Local grading with solution command: './solution_alt'...

[ SAMPLE TEST CASES ]
  k-product_sample_1: Accepted

[ TEST GROUP 1 ]
  k-product_1_1: Accepted

[ TEST GROUP 2 ]
  k-product_2_1: Accepted
  k-product_2_2: Accepted
  k-product_2_3: Accepted

[ TEST GROUP 3 ]
  k-product_3_1: Accepted
  k-product_3_2: Wrong Answer
    * scorer: Diff:
(expected) [line 01]    11
(received) [line 01]    12

  k-product_3_3: Accepted

[ TEST GROUP 4 ]
  k-product_4_1: Accepted
  k-product_4_2: Accepted
  k-product_4_3: Accepted
  k-product_4_4: Accepted
  k-product_4_5: Accepted
  k-product_4_6: Runtime Error
    * Execution of solution failed:
      - Exit code: 1
      - Standard error:

[ SUBTASK VERDICTS ]
  Subtask 1: Accepted [40]
  Subtask 2: Wrong Answer [0]
  Subtask 3: Runtime Error [0]

[ VERDICT ]
  Runtime Error [40]

This local grading feature is useful for creating “unit tests” for your test cases. For each problem, you can write many solutions with different intended results. For example, solution_123.cpp should pass subtasks 1 - 3; solution_12.cpp should pass subtasks 1 and 2 but not subtask 3, etc.

Brief mode¶

You can pass an additional --brief argument to make the output concise. This is primarily intended to be consumed by scripts instead of human eyes.

The first line of the output contains the overall the verdict in the following format:

<code> <points>

where the code mapping is:

AC: Accepted
OK: OK
WA: Wrong Answer
RTE: Runtime Error
TLE: Time Limit Exceeded
ERR: Internal Error

If the problem has subtasks, the subtask verdicts will be output in the following lines, one line per subtask verdict ordered by subtask number, in the same format as above.

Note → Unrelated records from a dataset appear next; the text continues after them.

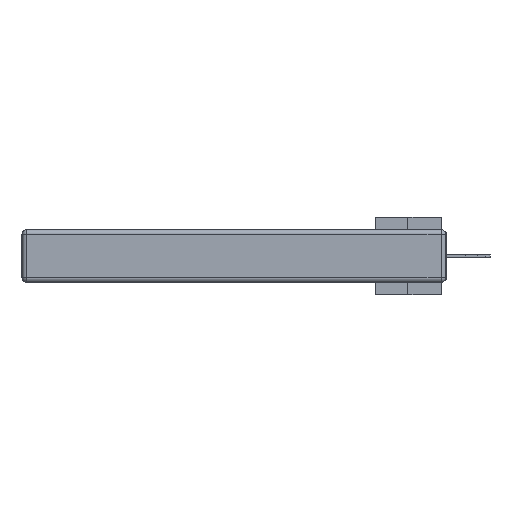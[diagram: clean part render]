
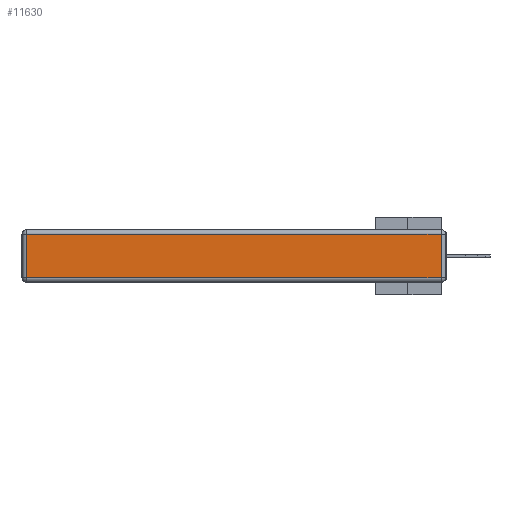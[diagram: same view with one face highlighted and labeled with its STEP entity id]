
A CAD part, left-side view. The second image highlights one B-rep face of the part: STEP entity #11630.
In plain terms, the highlighted planar face has unit normal (-1, 0, 0).
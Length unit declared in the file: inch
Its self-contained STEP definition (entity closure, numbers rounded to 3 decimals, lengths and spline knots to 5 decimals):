
#451 = VERTEX_POINT ( 'NONE', #16547 ) ;
#1072 = VECTOR ( 'NONE', #5906, 39.37008 ) ;
#1421 = EDGE_CURVE ( 'NONE', #15606, #451, #16837, .T. ) ;
#2619 = DIRECTION ( 'NONE',  ( 0., 0., 1. ) ) ;
#5906 = DIRECTION ( 'NONE',  ( 0., 0., -1. ) ) ;
#7085 = CARTESIAN_POINT ( 'NONE',  ( 0., 0.03, -0.343 ) ) ;
#7701 = CARTESIAN_POINT ( 'NONE',  ( 0., 0.03, -0.313 ) ) ;
#10179 = DIRECTION ( 'NONE',  ( 0., 0., 1. ) ) ;
#11228 = VERTEX_POINT ( 'NONE', #15270 ) ;
#11302 = CARTESIAN_POINT ( 'NONE',  ( 0., 0., -0.313 ) ) ;
#11630 = ADVANCED_FACE ( 'NONE', ( #17996 ), #36497, .T. ) ;
#11863 = LINE ( 'NONE', #36471, #24227 ) ;
#12200 = ORIENTED_EDGE ( 'NONE', *, *, #30962, .T. ) ;
#13225 = VERTEX_POINT ( 'NONE', #23040 ) ;
#14918 = VECTOR ( 'NONE', #10179, 39.37008 ) ;
#15217 = DIRECTION ( 'NONE',  ( 0., 1., 0. ) ) ;
#15270 = CARTESIAN_POINT ( 'NONE',  ( 0., 2.72, -0.313 ) ) ;
#15606 = VERTEX_POINT ( 'NONE', #7701 ) ;
#16547 = CARTESIAN_POINT ( 'NONE',  ( 0., 0.03, -0.03 ) ) ;
#16837 = LINE ( 'NONE', #7085, #14918 ) ;
#17029 = EDGE_CURVE ( 'NONE', #13225, #11228, #25489, .T. ) ;
#17159 = VECTOR ( 'NONE', #26488, 39.37008 ) ;
#17776 = CARTESIAN_POINT ( 'NONE',  ( 0., 0., -0.343 ) ) ;
#17996 = FACE_OUTER_BOUND ( 'NONE', #37936, .T. ) ;
#19564 = EDGE_CURVE ( 'NONE', #11228, #15606, #25261, .T. ) ;
#21951 = AXIS2_PLACEMENT_3D ( 'NONE', #17776, #27077, #2619 ) ;
#22484 = ORIENTED_EDGE ( 'NONE', *, *, #17029, .T. ) ;
#23040 = CARTESIAN_POINT ( 'NONE',  ( 0., 2.72, -0.03 ) ) ;
#24201 = CARTESIAN_POINT ( 'NONE',  ( 0., 2.72, -0.343 ) ) ;
#24227 = VECTOR ( 'NONE', #15217, 39.37008 ) ;
#25261 = LINE ( 'NONE', #11302, #17159 ) ;
#25489 = LINE ( 'NONE', #24201, #1072 ) ;
#26378 = ORIENTED_EDGE ( 'NONE', *, *, #19564, .T. ) ;
#26488 = DIRECTION ( 'NONE',  ( 0., -1., 0. ) ) ;
#27077 = DIRECTION ( 'NONE',  ( -1., 0., 0. ) ) ;
#30962 = EDGE_CURVE ( 'NONE', #451, #13225, #11863, .T. ) ;
#36471 = CARTESIAN_POINT ( 'NONE',  ( 0., 2.75, -0.03 ) ) ;
#36497 = PLANE ( 'NONE',  #21951 ) ;
#36772 = ORIENTED_EDGE ( 'NONE', *, *, #1421, .T. ) ;
#37936 = EDGE_LOOP ( 'NONE', ( #26378, #36772, #12200, #22484 ) ) ;

The sample outputs from the previous sections would become the following using --brief argument:

WA 71

and

RTE 40
AC 40
WA 0
RTE 0

Notes¶

Internally, tcframe uses ulimit to limit the time and memory used when running the solution. Unfortunately, there is no easy way to restrict memory limit on OS X, so the memory limit will be always ignored when using this feature on OS X.